Coughlin was about to push back when he noticed Blackwood out in the lobby.

“How long has the senator been here?” he asked.

The producer glanced over his shoulder. “Just arrived. Should I send him in?”

“I’ve got to take a piss. You can put him in my office.”

“You got it, CC.”

The producer showed Blackwood to the rear of the basement space where Coughlin’s office was.

Despite air fresheners plugged into almost every outlet, the place smelled dank and musty with a strong top layer of cigar smoke. Blackwood never could figure out what the appeal for Coughlin was other than being able to live right upstairs.

The producer offered to bring Blackwood a water, and told him to make himself comfortable.

Driven by his love of political scandals and conspiracy theories, Coughlin easily had one of the wildest and most unique offices in D.C. Grabbing a seat, Blackwood sat down and took it all in.

There were reel-to-reel Watergate-era tapes allegedly from Nixon’s tape recorder, along with a vintage press pass from the time.

Near a collection of rebel memorabilia from the Iran-Contra scandal was a framed copy of the 1964 Warren Commission Report.

A shadow box showcased a 2000 voting ballot, complete with a “hanging chad.” Personal items supposedly belonging to Marilyn Monroe sat side by side with intelligence reports from the failed 1961 Bay of Pigs invasion.

Objects supposedly connected to the assassinations of Martin Luther King Jr. and Robert F.

Kennedy Sr. were juxtaposed with pieces of “alien metal” allegedly taken from Area 51.

Magazine covers and newspaper articles covered every inch of wall space, while political posters covered the ceiling.

Chuck Coughlin was an eccentric piece of work. He was also an incredibly skilled propagandist. Using him to foment Mitchell’s base had been an inspired choice. He not only understood them, he was one of them himself. Or at least he had been. Until Mitchell “went soft.”

“Senator Blackwood,” said Coughlin as he entered the office and walked over to shake his guest’s hand. “It’s always good to see you.”

“You too, Chuck. Congrats on a real barnburner of a show today. You hit Mitchell hard, dead center.”

“That was the plan, right?”

“Correct,” Blackwood replied. “It was also the plan to talk up the Vice President.”

“Then Vice President Cates is going to have to do more than walk out of his house and leave flowers at the site. What kind of a split screen is that? Mitchell is at the hospital, visiting the survivors, and Cates is standing at a fence surrounded by crime-scene tape.

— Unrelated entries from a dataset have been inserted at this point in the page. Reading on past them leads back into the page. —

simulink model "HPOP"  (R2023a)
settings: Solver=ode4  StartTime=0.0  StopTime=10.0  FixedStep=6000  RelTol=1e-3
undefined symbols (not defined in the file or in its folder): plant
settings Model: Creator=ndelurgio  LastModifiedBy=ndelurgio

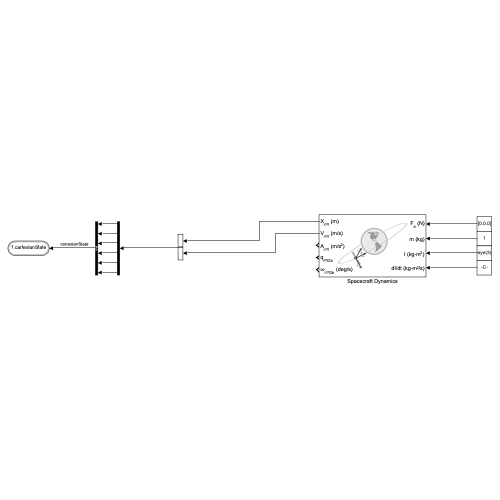
[thumbnail: Simulink's stored preview of the top-level diagram]
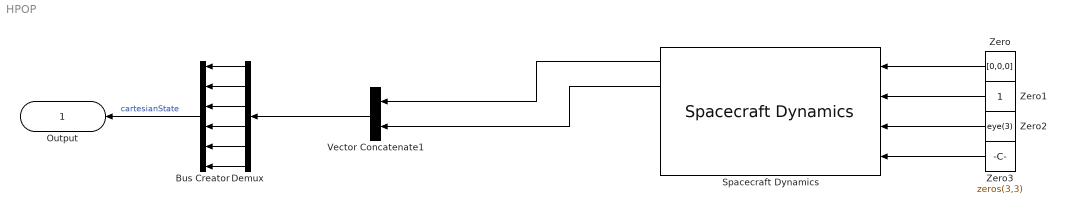
== system HPOP ==
  Bus Creator : BusCreator  Inputs=6  OutDataTypeStr=Bus: cartesianState  NonVirtualBus=on
      settings: InheritFromInputs=off
  Demux : Demux  Outputs=6
  Spacecraft Dynamics : SpacecraftDynamics  momentsIn=off  outputAccel=on  dateOut=off  massType=Custom variable  stateFormatNum=ICRF state vector  inertialPosition=[plant.chief.initialConditions.cartesianState.positionX_J2000_m,plant.chief.initialConditions.cartesianState.positionY_J2000_m,plant.chief.initialConditions.cartesianState.positionZ_J2000_m]  inertialVelocity=[plant.chief.initialConditions.cartesianState.velocityX_J2000_m,plant.chief.initialConditions.cartesianState.velocityY_J2000_m,plant.chief.initialConditions.cartesianState.velocityZ_J2000_m]  useGravGrad=off  gravityModel=Oblate ellipsoid (J2)  useEOPs=off
  Vector Concatenate1 : Concatenate
  Zero : Constant  Value=[0,0,0]  OutDataTypeStr=Inherit: Inherit via back propagation
  Zero1 : Constant  OutDataTypeStr=Inherit: Inherit via back propagation
  Zero2 : Constant  Value=eye(3)  OutDataTypeStr=Inherit: Inherit via back propagation
  Zero3 : Constant  Value=zeros(3,3)  OutDataTypeStr=Inherit: Inherit via back propagation
  Output : Outport  OutDataTypeStr=Bus: cartesianState  BusOutputAsStruct=on
  wires:
  Zero/1 -> Spacecraft Dynamics/1
  Zero1/1 -> Spacecraft Dynamics/2
  Zero2/1 -> Spacecraft Dynamics/3
  Zero3/1 -> Spacecraft Dynamics/4
  Spacecraft Dynamics/2 -> Vector Concatenate1/2
  Spacecraft Dynamics/1 -> Vector Concatenate1/1
  Demux/3 -> Bus Creator/3
  Bus Creator/1 -> Output/1  "cartesianState"
  Demux/6 -> Bus Creator/6
  Demux/1 -> Bus Creator/1
  Demux/4 -> Bus Creator/4
  Demux/2 -> Bus Creator/2
  Demux/5 -> Bus Creator/5
  Vector Concatenate1/1 -> Demux/1
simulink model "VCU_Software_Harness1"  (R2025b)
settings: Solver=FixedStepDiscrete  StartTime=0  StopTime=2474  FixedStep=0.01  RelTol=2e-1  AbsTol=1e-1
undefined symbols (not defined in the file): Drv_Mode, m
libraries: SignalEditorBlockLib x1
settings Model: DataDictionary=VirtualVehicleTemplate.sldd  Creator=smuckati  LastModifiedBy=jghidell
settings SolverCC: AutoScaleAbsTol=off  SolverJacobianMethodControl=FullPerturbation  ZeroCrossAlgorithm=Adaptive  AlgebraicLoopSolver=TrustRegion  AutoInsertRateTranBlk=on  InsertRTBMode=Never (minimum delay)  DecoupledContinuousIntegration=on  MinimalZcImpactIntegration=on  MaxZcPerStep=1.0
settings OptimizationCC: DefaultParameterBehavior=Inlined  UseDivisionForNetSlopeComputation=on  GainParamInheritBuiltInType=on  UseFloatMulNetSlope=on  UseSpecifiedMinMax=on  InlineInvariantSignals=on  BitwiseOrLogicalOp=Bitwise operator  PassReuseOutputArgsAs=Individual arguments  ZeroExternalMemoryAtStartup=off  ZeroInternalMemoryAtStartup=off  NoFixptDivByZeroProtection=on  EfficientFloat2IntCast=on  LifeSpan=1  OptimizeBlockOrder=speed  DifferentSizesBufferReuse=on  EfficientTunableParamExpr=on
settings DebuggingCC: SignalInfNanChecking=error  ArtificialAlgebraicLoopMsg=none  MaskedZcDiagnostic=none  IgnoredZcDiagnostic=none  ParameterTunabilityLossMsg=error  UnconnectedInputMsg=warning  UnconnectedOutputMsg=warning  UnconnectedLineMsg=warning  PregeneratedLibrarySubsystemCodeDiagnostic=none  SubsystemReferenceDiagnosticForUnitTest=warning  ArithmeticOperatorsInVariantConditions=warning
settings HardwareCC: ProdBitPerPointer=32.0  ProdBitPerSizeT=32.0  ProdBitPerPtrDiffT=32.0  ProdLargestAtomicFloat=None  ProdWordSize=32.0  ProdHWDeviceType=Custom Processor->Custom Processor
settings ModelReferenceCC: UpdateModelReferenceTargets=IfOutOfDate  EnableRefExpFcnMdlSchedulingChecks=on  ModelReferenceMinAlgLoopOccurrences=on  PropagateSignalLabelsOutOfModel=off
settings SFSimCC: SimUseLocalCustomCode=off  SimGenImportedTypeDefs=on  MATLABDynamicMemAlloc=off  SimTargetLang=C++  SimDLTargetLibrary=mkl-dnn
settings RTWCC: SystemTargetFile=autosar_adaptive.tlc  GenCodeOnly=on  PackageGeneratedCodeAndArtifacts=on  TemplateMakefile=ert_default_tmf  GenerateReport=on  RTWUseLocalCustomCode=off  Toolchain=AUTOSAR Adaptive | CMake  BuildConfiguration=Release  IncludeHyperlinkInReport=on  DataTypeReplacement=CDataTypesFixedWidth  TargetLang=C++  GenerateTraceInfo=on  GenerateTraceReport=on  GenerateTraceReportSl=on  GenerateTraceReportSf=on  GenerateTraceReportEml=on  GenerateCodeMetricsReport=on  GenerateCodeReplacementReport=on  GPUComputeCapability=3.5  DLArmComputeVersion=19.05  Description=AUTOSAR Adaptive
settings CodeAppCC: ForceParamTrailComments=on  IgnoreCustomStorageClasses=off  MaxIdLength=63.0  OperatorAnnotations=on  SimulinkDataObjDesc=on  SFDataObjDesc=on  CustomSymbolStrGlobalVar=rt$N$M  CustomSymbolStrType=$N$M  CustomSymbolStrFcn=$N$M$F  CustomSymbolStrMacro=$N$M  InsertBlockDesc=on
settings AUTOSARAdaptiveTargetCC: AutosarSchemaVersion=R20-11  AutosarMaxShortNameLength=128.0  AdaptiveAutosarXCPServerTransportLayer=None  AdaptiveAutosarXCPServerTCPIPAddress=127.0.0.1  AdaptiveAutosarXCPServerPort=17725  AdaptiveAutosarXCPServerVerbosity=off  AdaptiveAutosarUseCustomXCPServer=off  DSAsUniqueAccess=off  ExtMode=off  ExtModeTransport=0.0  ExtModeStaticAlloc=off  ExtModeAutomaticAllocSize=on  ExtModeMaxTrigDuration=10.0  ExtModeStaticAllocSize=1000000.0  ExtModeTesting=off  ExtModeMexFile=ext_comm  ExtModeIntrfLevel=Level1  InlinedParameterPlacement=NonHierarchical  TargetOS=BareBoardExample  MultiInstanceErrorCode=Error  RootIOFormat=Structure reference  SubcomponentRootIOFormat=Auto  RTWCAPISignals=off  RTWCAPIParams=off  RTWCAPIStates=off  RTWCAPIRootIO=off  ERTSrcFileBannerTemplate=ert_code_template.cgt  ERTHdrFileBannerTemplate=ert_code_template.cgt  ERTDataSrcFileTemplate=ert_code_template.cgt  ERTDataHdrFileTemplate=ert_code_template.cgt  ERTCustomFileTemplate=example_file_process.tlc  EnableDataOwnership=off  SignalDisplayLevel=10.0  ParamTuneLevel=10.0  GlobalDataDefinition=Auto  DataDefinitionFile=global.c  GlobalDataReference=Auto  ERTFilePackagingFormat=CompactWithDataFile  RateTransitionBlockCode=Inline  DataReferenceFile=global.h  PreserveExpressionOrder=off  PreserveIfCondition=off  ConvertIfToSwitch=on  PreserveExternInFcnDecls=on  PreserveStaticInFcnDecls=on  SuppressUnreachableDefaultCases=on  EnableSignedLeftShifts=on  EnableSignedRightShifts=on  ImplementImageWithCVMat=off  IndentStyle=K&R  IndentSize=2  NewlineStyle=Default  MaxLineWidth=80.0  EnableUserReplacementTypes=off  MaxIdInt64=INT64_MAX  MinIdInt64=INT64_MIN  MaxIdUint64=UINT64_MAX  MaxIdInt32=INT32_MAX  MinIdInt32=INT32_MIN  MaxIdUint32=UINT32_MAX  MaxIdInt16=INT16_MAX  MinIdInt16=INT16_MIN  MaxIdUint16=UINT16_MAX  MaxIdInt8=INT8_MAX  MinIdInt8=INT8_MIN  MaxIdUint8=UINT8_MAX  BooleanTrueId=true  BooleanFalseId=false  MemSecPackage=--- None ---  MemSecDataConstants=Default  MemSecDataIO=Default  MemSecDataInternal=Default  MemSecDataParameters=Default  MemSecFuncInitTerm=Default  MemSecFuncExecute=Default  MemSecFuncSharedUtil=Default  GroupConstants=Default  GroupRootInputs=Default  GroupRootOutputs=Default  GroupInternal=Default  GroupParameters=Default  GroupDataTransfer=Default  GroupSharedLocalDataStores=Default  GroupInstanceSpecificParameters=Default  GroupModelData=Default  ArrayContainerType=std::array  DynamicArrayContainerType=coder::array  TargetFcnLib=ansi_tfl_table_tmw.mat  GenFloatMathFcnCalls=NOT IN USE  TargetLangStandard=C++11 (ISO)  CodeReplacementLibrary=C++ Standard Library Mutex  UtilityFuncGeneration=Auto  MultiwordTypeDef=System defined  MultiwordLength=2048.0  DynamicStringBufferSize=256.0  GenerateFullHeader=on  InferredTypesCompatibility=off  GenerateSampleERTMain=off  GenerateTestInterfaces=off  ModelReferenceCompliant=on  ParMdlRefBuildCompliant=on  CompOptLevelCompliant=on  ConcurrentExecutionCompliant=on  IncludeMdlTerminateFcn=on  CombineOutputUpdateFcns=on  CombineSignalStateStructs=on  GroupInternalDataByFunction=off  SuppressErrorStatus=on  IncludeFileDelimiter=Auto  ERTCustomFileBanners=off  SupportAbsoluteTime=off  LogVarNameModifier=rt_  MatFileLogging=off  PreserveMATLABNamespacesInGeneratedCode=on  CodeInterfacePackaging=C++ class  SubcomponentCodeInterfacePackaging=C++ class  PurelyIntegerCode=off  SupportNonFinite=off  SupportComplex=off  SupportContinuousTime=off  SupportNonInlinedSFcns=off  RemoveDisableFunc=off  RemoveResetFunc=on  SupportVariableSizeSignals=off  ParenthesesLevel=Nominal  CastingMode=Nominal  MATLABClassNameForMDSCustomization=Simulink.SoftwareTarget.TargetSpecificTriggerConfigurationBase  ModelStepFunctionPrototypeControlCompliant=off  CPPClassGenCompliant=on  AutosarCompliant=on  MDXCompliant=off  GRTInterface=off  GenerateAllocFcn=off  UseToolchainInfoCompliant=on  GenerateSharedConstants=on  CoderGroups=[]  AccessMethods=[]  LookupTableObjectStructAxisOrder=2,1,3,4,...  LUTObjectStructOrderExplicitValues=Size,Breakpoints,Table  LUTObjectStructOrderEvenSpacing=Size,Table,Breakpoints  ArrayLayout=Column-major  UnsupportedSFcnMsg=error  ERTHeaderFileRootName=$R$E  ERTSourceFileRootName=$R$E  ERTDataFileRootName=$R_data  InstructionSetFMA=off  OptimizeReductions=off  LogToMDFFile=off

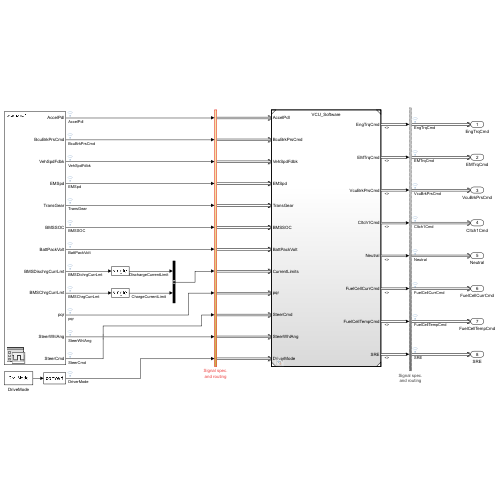
[thumbnail: Simulink's stored preview of the top-level diagram]
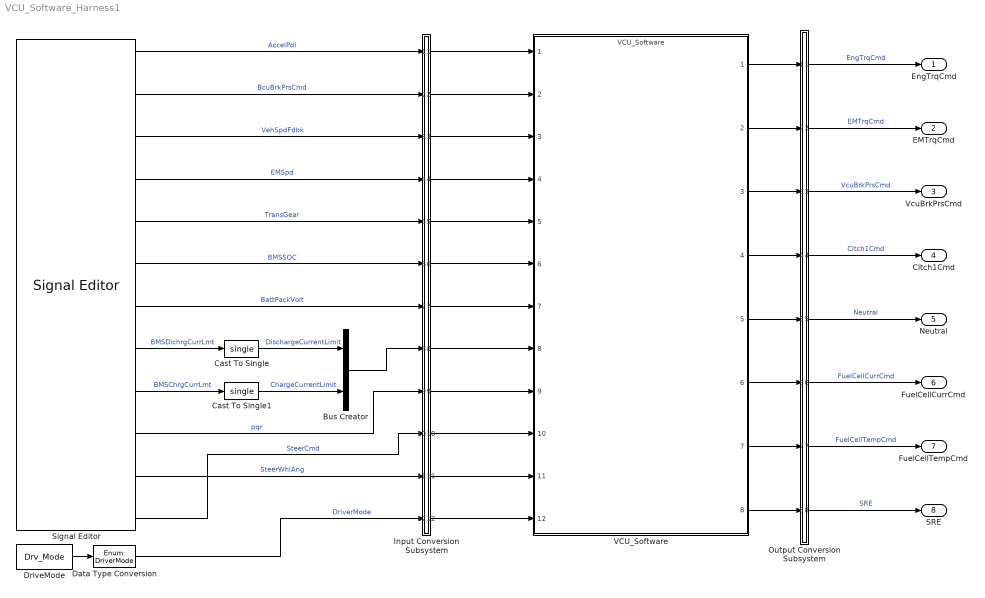
== system VCU_Software_Harness1 ==
  Bus Creator : BusCreator  Inputs=2
  Cast To Single : DataTypeConversion  OutDataTypeStr=single  SaturateOnIntegerOverflow=off  RndMeth=Floor
  Cast To Single1 : DataTypeConversion  OutDataTypeStr=single  SaturateOnIntegerOverflow=off  RndMeth=Floor
  Data Type Conversion : DataTypeConversion  OutDataTypeStr=Enum: DriverMode  SaturateOnIntegerOverflow=off  RndMeth=Floor
  DriveMode : Constant  Value=Drv_Mode  OutDataTypeStr=int8
  Input Conversion Subsystem : Subsystem  Tag=__SLT_ICS__  Description=|
      | Signal spec.
      | and routing
      settings: AttributesFormatString=%<Description>
  Output Conversion Subsystem : Subsystem  Tag=__SLT_OCS__  Description=|
      | Signal spec.
      | and routing
      settings: AttributesFormatString=%<Description>
  Signal Editor : SignalEditorBlockLib/Signal Editor  FileName=VCU_Inpts.mat  ActiveScenario=Scenario1  ActiveSignal=SteerCmd  IsBus=off  OutputBusObjectStr=Bus: BusObject  SampleTime=0.01  Interpolate=off  ZeroCross=off  OutputAfterFinalValue=Setting to zero  Unit=inherit  PreserveSignalName=on  ApplySigPropsToAllScenarios=on  ApplySigPropsToAllSignals=off  SignalPropertySource=Dialog parameters
  VCU_Software : ModelReference  InputPortMessageModes=m,m,m,m,m,m,m,m,m,m,m,m  OutputPortMessageModes=m,m,m,m,m,m,m,m  ModelNameDialog=VCU_Software  SimulationMode=Normal  ModelReferenceVersion=6.0
  EngTrqCmd : Outport  InputPortMessageModes=m
  EMTrqCmd : Outport  InputPortMessageModes=m  Port=2
  VcuBrkPrsCmd : Outport  InputPortMessageModes=m  Port=3
  Cltch1Cmd : Outport  InputPortMessageModes=m  Port=4
  Neutral : Outport  InputPortMessageModes=m  Port=5
  FuelCellCurrCmd : Outport  InputPortMessageModes=m  Port=6
  FuelCellTempCmd : Outport  InputPortMessageModes=m  Port=7
  SRE : Outport  InputPortMessageModes=m  Port=8
  wires:
  Output Conversion Subsystem/1(Outport_1) -> EngTrqCmd/1  "EngTrqCmd"
  Output Conversion Subsystem/2(Outport_2) -> EMTrqCmd/1  "EMTrqCmd"
  Output Conversion Subsystem/3(Outport_3) -> VcuBrkPrsCmd/1  "VcuBrkPrsCmd"
  Output Conversion Subsystem/4(Outport_4) -> Cltch1Cmd/1  "Cltch1Cmd"
  Output Conversion Subsystem/5(Outport_5) -> Neutral/1  "Neutral"
  Output Conversion Subsystem/6(Outport_6) -> FuelCellCurrCmd/1  "FuelCellCurrCmd"
  Output Conversion Subsystem/7(Outport_7) -> FuelCellTempCmd/1  "FuelCellTempCmd"
  Output Conversion Subsystem/8(Outport_8) -> SRE/1  "SRE"
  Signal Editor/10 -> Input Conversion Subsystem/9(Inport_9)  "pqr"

Which one looks more like a leader to you?”

Blackwood couldn’t argue. “You’re probably right.”

“I’m definitely right,” replied Coughlin. “Mitchell’s PR people are good. They know what they’re doing. Cates and his team need to be better.”

“What should he do?”

“He needs to get out ahead of Mitchell. He needs to show that he’s not only a capable leader, but a better leader.”

“Okay,” said Blackwood, “but in what world does Mitchell allow his vice president to upstage and outshine him?”

“Politics,” said Coughlin, “like anything else in life, is all about timing.”

“Meaning?”

“ Meaning the next time something breaks, make sure Vice President Cates just so happens to be standing in front of a mountain of microphones. That’ll be his moment. Whether he pulls the sword from the stone or not is up to him. But if he does, we’ll be able to send his polling through the roof.”

Once again, Blackwood couldn’t argue. He knew the man was right.

He also knew that the perfect opportunity, the next big breaking-news event, was just around the corner.

The only question was whether his coconspirators would agree.